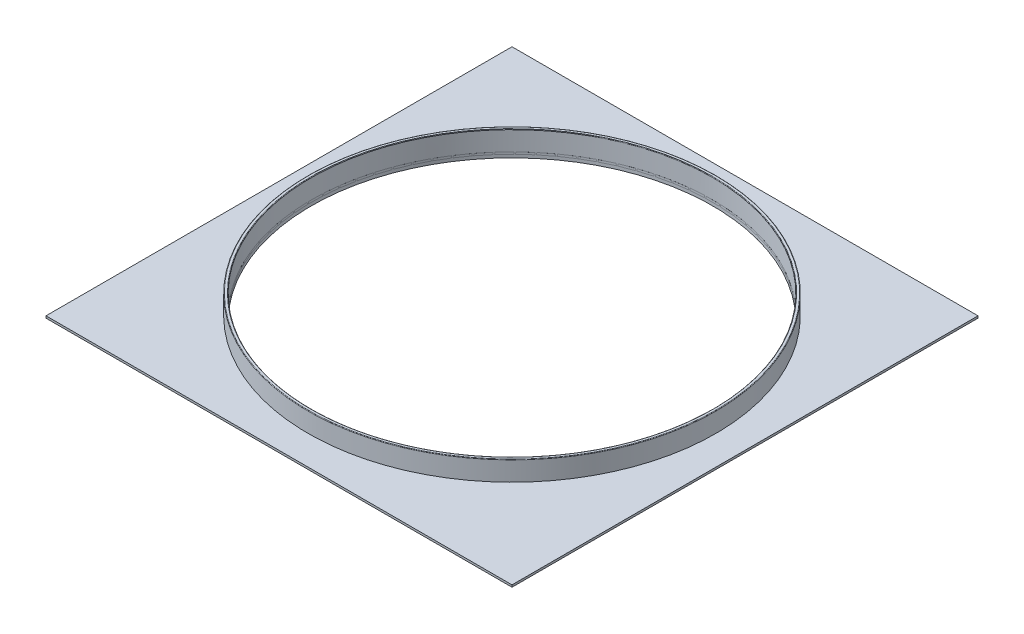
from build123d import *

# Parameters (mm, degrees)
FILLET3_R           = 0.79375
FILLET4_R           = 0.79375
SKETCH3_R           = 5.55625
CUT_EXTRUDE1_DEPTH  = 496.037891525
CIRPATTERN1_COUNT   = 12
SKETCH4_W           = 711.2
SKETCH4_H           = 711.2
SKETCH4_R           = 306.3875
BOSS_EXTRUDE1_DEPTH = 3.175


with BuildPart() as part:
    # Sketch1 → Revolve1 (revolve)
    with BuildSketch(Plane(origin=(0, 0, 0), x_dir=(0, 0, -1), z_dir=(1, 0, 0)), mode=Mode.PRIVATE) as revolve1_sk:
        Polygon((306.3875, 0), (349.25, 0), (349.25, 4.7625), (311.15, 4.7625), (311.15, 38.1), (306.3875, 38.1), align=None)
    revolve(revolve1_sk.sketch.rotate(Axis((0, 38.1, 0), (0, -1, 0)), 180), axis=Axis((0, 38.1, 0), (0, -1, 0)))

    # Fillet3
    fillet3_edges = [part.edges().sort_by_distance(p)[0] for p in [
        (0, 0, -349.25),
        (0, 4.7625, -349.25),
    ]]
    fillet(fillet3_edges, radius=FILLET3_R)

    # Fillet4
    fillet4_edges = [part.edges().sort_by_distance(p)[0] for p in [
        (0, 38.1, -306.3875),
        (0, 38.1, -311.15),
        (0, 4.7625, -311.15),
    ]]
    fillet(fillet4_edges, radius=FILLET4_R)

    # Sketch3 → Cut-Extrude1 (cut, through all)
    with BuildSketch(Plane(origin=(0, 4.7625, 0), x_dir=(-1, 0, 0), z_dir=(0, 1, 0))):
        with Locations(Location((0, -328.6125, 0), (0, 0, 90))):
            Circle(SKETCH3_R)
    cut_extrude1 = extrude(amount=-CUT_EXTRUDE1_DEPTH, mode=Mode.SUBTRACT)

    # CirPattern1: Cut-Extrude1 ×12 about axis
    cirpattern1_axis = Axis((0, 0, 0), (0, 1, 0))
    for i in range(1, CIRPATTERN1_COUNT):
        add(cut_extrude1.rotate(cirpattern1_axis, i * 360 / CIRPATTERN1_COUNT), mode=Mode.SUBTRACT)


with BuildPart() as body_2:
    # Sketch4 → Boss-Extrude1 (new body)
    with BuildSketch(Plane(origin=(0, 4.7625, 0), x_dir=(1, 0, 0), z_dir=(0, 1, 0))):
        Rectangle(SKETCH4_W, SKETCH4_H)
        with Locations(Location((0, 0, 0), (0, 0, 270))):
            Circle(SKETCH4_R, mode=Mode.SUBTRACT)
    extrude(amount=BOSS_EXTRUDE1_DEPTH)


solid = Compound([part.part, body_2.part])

:::::

§ **WHAT YOU NEED TO DO**
Which lines run from the one holding "# Parameters (mm, degrees)" through the one holding "(306.3875, 38.1), align=None)" in the records above? Repeat them exactly, both included, and nothing more.

§ **RESULT OF THE EXERCISE**
# Parameters (mm, degrees)
FILLET3_R           = 0.79375
FILLET4_R           = 0.79375
SKETCH3_R           = 5.55625
CUT_EXTRUDE1_DEPTH  = 496.037891525
CIRPATTERN1_COUNT   = 12
SKETCH4_W           = 711.2
SKETCH4_H           = 711.2
SKETCH4_R           = 306.3875
BOSS_EXTRUDE1_DEPTH = 3.175


with BuildPart() as part:
    # Sketch1 → Revolve1 (revolve)
    with BuildSketch(Plane(origin=(0, 0, 0), x_dir=(0, 0, -1), z_dir=(1, 0, 0)), mode=Mode.PRIVATE) as revolve1_sk:
        Polygon((306.3875, 0), (349.25, 0), (349.25, 4.7625), (311.15, 4.7625), (311.15, 38.1), (306.3875, 38.1), align=None)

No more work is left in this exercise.